Try it >> Below are records. Find each line in them that holds the word "drill" and copy it.

Data for the task >>
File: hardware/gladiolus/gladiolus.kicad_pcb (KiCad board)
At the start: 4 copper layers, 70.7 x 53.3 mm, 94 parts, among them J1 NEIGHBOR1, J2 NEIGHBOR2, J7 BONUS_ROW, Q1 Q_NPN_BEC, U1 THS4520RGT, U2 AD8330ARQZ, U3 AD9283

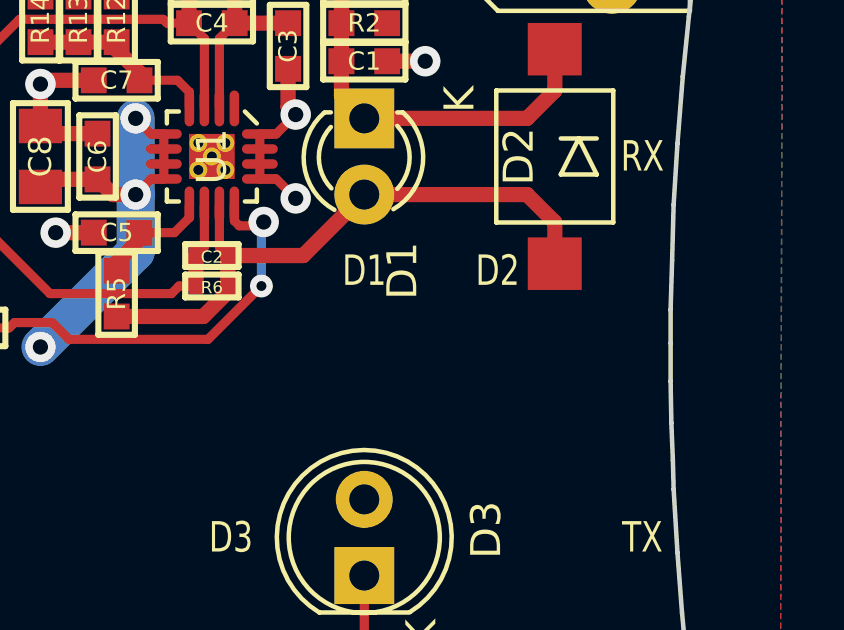
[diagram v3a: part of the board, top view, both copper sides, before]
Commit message: Gladiolus: added female header to block direct TX to RX light
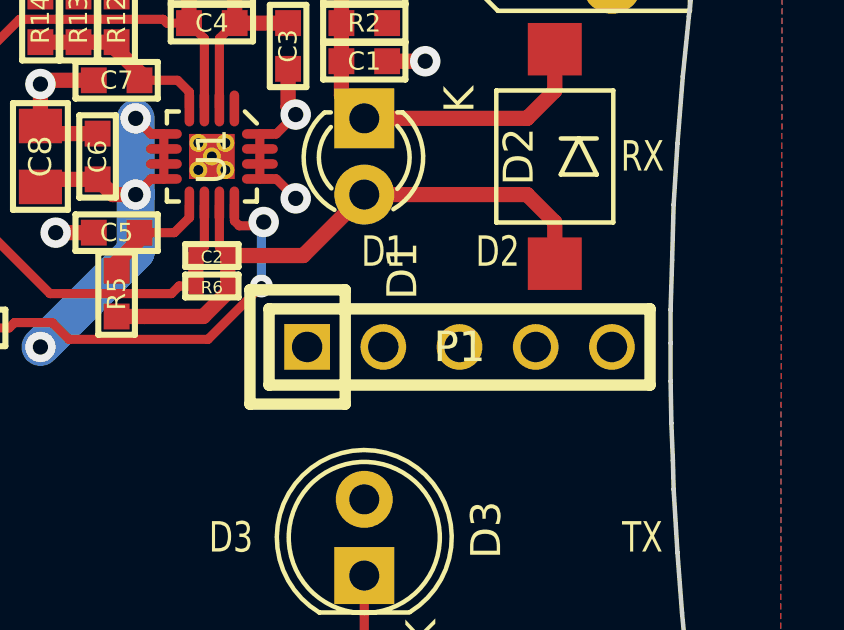
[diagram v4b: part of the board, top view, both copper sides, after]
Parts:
- added P1: CONN_01X05, gsg-modules:HEADER-1x5, F.Cu at (170.8, 95.2)
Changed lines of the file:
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@@
 (kicad_pcb (version 4) (host pcbnew 4.0.4-stable)
   (general
-    (links 228)
+    (links 233)
     (no_connects 0)
     (area 109.525999 68.504999 180.415001 121.995001)
@@
     (tracks 538)
     (zones 0)
-    (modules 94)
+    (modules 95)
     (nets 143)
   )
@@
       (net 132 "Net-(R33-Pad2)"))
   )
+  (module gsg-modules:HEADER-1x5 (layer F.Cu)
+    (at 170.815 95.25)
+    (tags CONN)
+    (fp_text reference P1 (at 0 0) (layer F.SilkS)
+      (effects (font (size 1.016 1.016) (thickness 0.2032)))
+    )
+    (fp_text value CONN_01X05 (at 0 0) (layer F.SilkS) hide
+      (effects (font (size 1.016 1.016) (thickness 0.2032)))
+    )
+    (fp_line (start -6.35 -1.27) (end 6.35 -1.27) (layer F.SilkS) (width 0.381))
+    (fp_line (start 6.35 -1.27) (end 6.35 1.27) (layer F.SilkS) (width 0.381))
+    (fp_line (start 6.35 1.27) (end -6.35 1.27) (layer F.SilkS) (width 0.381))
+    (fp_line (start -3.81 1.905) (end -3.81 -1.905) (layer F.SilkS) (width 0.381))
+    (fp_line (start -3.81 -1.905) (end -6.985 -1.905) (layer F.SilkS) (width 0.381))
+    (fp_line (start -6.985 -1.905) (end -6.985 1.905) (layer F.SilkS) (width 0.381))
+    (fp_line (start -6.35 -1.27) (end -6.35 1.27) (layer F.SilkS) (width 0.381))
+    (fp_line (start -6.985 1.905) (end -3.81 1.905) (layer F.SilkS) (width 0.381))
+    (pad 1 thru_hole rect (at -5.08 0) (size 1.524 1.524) (drill 1.016) (layers *.Cu *.Mask F.SilkS)
+      (net 1 GND))
+    (pad 2 thru_hole circle (at -2.54 0) (size 1.524 1.524) (drill 1.016) (layers *.Cu *.Mask F.SilkS)
+      (net 1 GND))
+    (pad 3 thru_hole circle (at 0 0) (size 1.524 1.524) (drill 1.016) (layers *.Cu *.Mask F.SilkS)
+      (net 1 GND))
+    (pad 4 thru_hole circle (at 2.54 0) (size 1.524 1.524) (drill 1.016) (layers *.Cu *.Mask F.SilkS)
+      (net 1 GND))
+    (pad 5 thru_hole circle (at 5.08 0) (size 1.524 1.524) (drill 1.016) (layers *.Cu *.Mask F.SilkS)
+      (net 1 GND))
+  )
   (gr_text TX (at 176.911 101.6) (layer F.SilkS)
     (effects (font (size 1.016 0.762) (thickness 0.1524)))
@@
     (effects (font (size 1.016 0.762) (thickness 0.1524)))
   )
-  (gr_text D2 (at 172.085 92.71) (layer F.SilkS)
+  (gr_text D2 (at 172.085 92.075) (layer F.SilkS)
     (effects (font (size 1.016 0.762) (thickness 0.1524)))
   )
-  (gr_text D1 (at 167.64 92.71) (layer F.SilkS)
+  (gr_text D1 (at 168.275 92.075) (layer F.SilkS)
     (effects (font (size 1.016 0.762) (thickness 0.1524)))
   )

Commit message: Gladiolus: length matching
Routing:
- net Net-(C2-Pad1): track 12.8 -> 13.3 mm
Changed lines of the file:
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@@
     (links 233)
     (no_connects 0)
-    (area 109.525999 68.504999 180.415001 121.995001)
+    (area 107.95 66.04 279.525801 124.460001)
     (thickness 1.6)
     (drawings 130)
@@
     (visible_elements FFFCFF7F)
     (pcbplotparams
-      (layerselection 0x010a8_80000007)
+      (layerselection 0x010a8_80000001)
       (usegerberextensions true)
       (excludeedgelayer true)
@@
   (segment (start 173.068 90.17) (end 173.99 91.092) (width 0.508) (layer F.Cu) (net 5))
   (segment (start 173.99 91.092) (end 173.99 92.475) (width 0.508) (layer F.Cu) (net 5))
-  (segment (start 154.9654 91.272362) (end 157.165038 93.472) (width 0.3048) (layer F.Cu) (net 6))
+  (segment (start 154.9654 92.186762) (end 156.250638 93.472) (width 0.3048) (layer F.Cu) (net 6))
   (segment (start 161.4678 93.218) (end 162.0266 93.218) (width 0.3048) (layer F.Cu) (net 6))
   (segment (start 161.2138 93.472) (end 161.4678 93.218) (width 0.3048) (layer F.Cu) (net 6))
-  (segment (start 157.165038 93.472) (end 161.2138 93.472) (width 0.3048) (layer F.Cu) (net 6))
-  (segment (start 154.9654 89.408) (end 154.9654 91.272362) (width 0.3048) (layer F.Cu) (net 6))
+  (segment (start 156.250638 93.472) (end 161.2138 93.472) (width 0.3048) (layer F.Cu) (net 6))
+  (segment (start 154.9654 89.408) (end 154.9654 92.186762) (width 0.3048) (layer F.Cu) (net 6))
   (segment (start 162.31 90.5) (end 162.31 91.9186) (width 0.3048) (layer F.Cu) (net 6))
   (segment (start 162.31 91.9186) (end 162.0266 92.202) (width 0.3048) (layer F.Cu) (net 6))

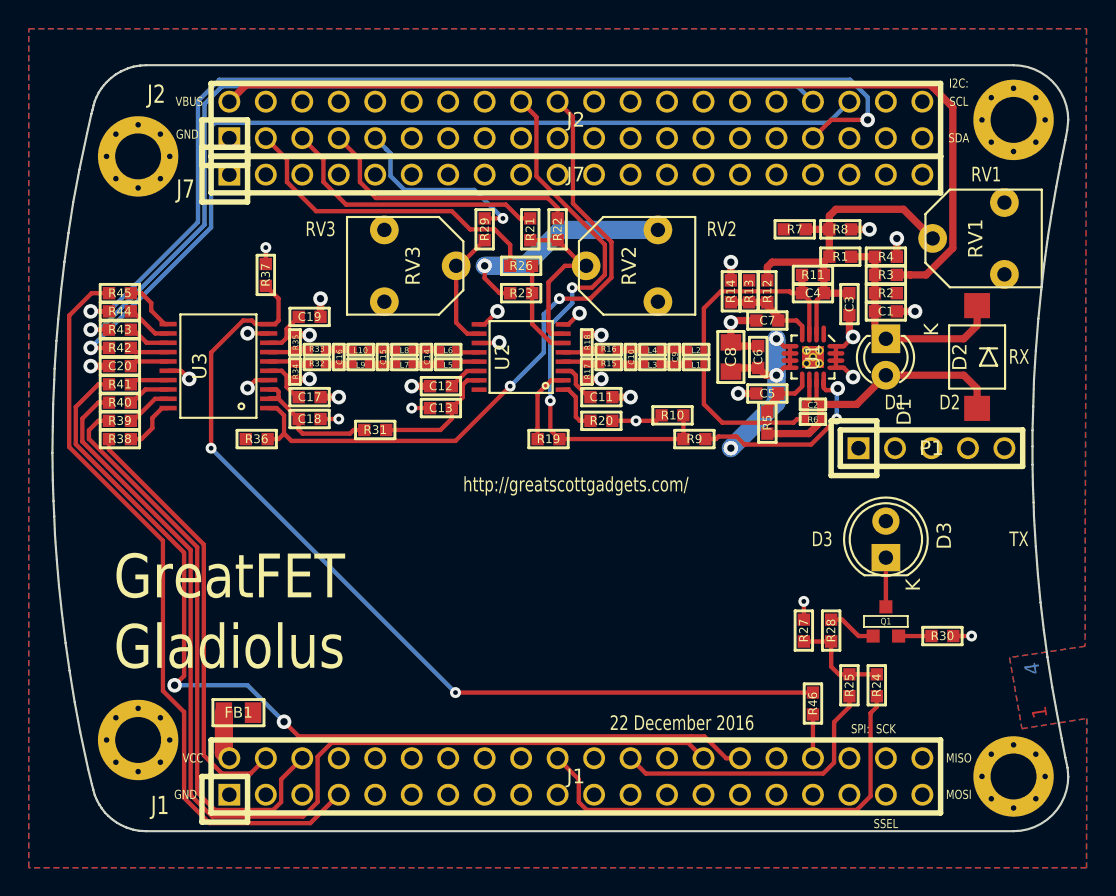
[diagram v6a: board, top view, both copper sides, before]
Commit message: Gladiolus: added TX DAC, changed TX GPIO pins
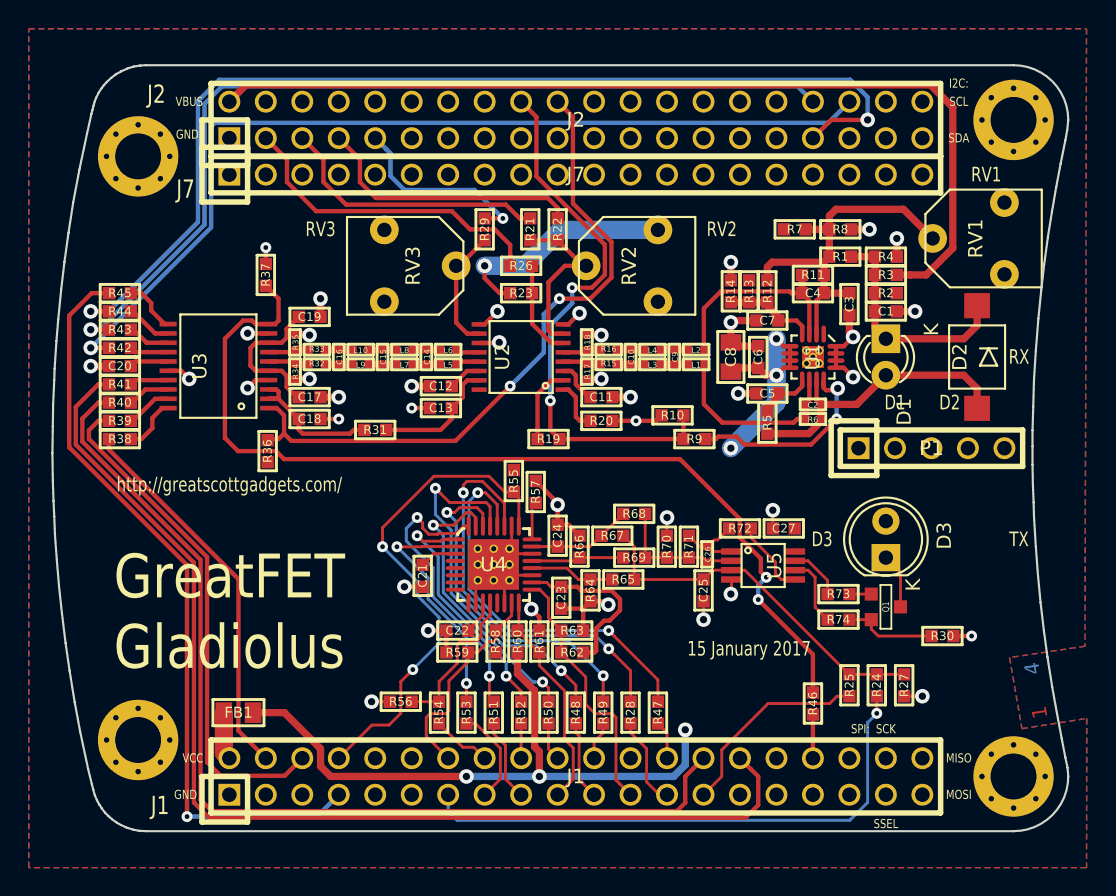
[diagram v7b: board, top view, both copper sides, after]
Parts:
- added C21: 100nF, gsg-modules:0603, F.Cu at (135.4, 104.1)
- added C22: 100nF, gsg-modules:0603, F.Cu at (137.8, 108.0)
- added C23: 100nF, gsg-modules:0603, F.Cu at (145.0, 105.7)
- added C24: 100nF, gsg-modules:0603, F.Cu at (144.8, 101.3)
- added C25: 100nF, gsg-modules:0603, F.Cu at (154.9, 105.2)
- added C26: 15pF, gsg-modules:0402, F.Cu at (155.2, 102.6)
- added C27: 100nF, gsg-modules:0603, F.Cu at (160.5, 100.8)
- added R47: 39, gsg-modules:0603, F.Cu at (151.8, 113.7)
- added R48: 39, gsg-modules:0603, F.Cu at (146.1, 113.7)
- added R49: 39, gsg-modules:0603, F.Cu at (148.0, 113.7)
- added R50: 39, gsg-modules:0603, F.Cu at (144.1, 113.7)
- added R51: 39, gsg-modules:0603, F.Cu at (140.3, 113.7)
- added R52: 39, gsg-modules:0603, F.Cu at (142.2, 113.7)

Solution for this exercise >>
+    (pad 1 thru_hole rect (at -5.08 0) (size 1.524 1.524) (drill 1.016) (layers *.Cu *.Mask F.SilkS)
+    (pad 2 thru_hole circle (at -2.54 0) (size 1.524 1.524) (drill 1.016) (layers *.Cu *.Mask F.SilkS)
+    (pad 3 thru_hole circle (at 0 0) (size 1.524 1.524) (drill 1.016) (layers *.Cu *.Mask F.SilkS)
+    (pad 4 thru_hole circle (at 2.54 0) (size 1.524 1.524) (drill 1.016) (layers *.Cu *.Mask F.SilkS)
+    (pad 5 thru_hole circle (at 5.08 0) (size 1.524 1.524) (drill 1.016) (layers *.Cu *.Mask F.SilkS)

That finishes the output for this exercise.